**Your assignment**
Look through the records below for the line holding "#554 = DIRECTION". Write it out exactly, with each following line through the line holding "#3064 = EDGE_LOOP".

------ Input records ------

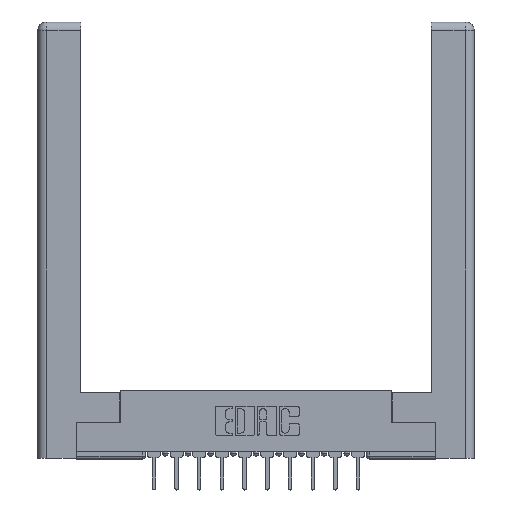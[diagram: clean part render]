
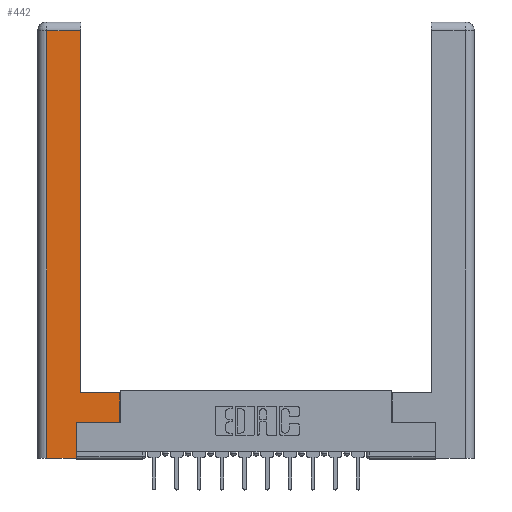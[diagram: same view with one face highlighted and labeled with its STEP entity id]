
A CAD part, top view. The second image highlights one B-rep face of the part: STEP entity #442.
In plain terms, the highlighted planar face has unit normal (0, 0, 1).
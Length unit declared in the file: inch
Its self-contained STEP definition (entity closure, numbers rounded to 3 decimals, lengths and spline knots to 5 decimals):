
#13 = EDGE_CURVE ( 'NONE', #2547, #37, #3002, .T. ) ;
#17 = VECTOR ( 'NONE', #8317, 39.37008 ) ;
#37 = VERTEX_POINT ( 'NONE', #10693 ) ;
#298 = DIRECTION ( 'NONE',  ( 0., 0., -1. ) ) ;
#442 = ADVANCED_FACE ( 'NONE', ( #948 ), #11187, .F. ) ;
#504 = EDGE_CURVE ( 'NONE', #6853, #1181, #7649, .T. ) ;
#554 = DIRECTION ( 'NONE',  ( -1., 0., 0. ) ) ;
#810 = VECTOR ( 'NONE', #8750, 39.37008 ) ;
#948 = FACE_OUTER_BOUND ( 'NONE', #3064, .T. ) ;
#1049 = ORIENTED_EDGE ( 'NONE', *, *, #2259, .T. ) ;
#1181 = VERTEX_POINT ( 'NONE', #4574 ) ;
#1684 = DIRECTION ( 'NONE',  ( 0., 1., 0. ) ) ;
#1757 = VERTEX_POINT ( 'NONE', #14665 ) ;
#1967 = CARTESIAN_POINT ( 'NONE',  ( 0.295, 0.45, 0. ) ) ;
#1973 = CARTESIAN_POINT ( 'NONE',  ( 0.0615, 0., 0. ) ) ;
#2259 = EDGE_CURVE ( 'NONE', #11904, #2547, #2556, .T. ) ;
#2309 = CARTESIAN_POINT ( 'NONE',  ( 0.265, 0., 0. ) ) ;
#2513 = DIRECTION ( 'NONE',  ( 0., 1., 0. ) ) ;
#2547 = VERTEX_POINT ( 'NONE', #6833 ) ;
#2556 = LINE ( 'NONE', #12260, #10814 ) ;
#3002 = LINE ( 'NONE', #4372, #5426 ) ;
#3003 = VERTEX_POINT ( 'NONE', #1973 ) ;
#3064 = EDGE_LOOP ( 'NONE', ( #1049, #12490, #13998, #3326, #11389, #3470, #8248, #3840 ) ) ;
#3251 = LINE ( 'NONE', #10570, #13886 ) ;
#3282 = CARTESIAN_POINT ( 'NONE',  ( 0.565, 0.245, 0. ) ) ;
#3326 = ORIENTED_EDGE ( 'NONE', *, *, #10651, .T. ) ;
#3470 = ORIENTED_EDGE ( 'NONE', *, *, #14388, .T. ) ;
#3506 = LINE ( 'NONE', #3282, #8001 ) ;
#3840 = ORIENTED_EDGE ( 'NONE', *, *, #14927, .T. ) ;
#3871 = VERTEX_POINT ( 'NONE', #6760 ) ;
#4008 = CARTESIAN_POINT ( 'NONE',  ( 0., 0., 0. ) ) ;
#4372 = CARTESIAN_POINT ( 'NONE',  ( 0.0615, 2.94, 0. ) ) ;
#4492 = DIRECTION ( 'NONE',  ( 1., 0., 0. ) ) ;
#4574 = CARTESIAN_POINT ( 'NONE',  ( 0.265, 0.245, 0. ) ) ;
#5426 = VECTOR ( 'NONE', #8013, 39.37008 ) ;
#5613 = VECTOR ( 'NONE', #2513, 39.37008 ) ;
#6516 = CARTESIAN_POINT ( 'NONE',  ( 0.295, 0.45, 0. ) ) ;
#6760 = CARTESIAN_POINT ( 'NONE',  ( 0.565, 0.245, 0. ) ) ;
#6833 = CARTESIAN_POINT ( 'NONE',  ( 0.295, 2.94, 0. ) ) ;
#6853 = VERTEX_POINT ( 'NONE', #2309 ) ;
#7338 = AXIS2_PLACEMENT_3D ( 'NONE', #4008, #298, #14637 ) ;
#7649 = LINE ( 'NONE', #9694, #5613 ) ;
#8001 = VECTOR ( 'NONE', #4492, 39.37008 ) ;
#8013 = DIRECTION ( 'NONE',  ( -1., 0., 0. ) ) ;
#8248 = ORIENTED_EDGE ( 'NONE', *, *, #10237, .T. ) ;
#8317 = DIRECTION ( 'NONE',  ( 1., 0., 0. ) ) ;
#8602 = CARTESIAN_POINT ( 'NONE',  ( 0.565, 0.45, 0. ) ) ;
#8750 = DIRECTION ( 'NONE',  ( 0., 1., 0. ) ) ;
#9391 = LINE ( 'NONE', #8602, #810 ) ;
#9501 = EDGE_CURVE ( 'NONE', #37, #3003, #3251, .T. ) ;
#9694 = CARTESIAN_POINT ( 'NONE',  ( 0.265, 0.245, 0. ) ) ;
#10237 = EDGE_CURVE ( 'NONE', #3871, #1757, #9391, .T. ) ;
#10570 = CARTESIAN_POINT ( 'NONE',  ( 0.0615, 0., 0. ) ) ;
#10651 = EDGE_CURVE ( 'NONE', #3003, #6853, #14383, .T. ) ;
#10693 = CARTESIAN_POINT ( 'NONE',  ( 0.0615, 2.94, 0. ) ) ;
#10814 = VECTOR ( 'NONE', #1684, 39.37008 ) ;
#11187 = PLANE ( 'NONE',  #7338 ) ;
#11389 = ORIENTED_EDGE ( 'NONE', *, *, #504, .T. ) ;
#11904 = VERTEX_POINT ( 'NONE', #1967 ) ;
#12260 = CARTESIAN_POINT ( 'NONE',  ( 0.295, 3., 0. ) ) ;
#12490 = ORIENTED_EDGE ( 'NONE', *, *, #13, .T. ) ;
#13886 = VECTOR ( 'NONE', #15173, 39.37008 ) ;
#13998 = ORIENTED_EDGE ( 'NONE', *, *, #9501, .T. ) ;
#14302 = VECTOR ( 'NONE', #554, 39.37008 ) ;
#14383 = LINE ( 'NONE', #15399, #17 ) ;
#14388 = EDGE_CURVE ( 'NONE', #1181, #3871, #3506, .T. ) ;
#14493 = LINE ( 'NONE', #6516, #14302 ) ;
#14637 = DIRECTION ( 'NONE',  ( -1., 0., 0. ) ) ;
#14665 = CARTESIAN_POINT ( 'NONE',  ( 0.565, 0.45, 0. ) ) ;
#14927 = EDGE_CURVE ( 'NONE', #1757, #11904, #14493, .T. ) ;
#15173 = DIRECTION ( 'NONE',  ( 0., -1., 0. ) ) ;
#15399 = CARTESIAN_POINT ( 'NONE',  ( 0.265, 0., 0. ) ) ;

------

**Output below**
#554 = DIRECTION ( 'NONE',  ( -1., 0., 0. ) ) ;
#810 = VECTOR ( 'NONE', #8750, 39.37008 ) ;
#948 = FACE_OUTER_BOUND ( 'NONE', #3064, .T. ) ;
#1049 = ORIENTED_EDGE ( 'NONE', *, *, #2259, .T. ) ;
#1181 = VERTEX_POINT ( 'NONE', #4574 ) ;
#1684 = DIRECTION ( 'NONE',  ( 0., 1., 0. ) ) ;
#1757 = VERTEX_POINT ( 'NONE', #14665 ) ;
#1967 = CARTESIAN_POINT ( 'NONE',  ( 0.295, 0.45, 0. ) ) ;
#1973 = CARTESIAN_POINT ( 'NONE',  ( 0.0615, 0., 0. ) ) ;
#2259 = EDGE_CURVE ( 'NONE', #11904, #2547, #2556, .T. ) ;
#2309 = CARTESIAN_POINT ( 'NONE',  ( 0.265, 0., 0. ) ) ;
#2513 = DIRECTION ( 'NONE',  ( 0., 1., 0. ) ) ;
#2547 = VERTEX_POINT ( 'NONE', #6833 ) ;
#2556 = LINE ( 'NONE', #12260, #10814 ) ;
#3002 = LINE ( 'NONE', #4372, #5426 ) ;
#3003 = VERTEX_POINT ( 'NONE', #1973 ) ;
#3064 = EDGE_LOOP ( 'NONE', ( #1049, #12490, #13998, #3326, #11389, #3470, #8248, #3840 ) ) ;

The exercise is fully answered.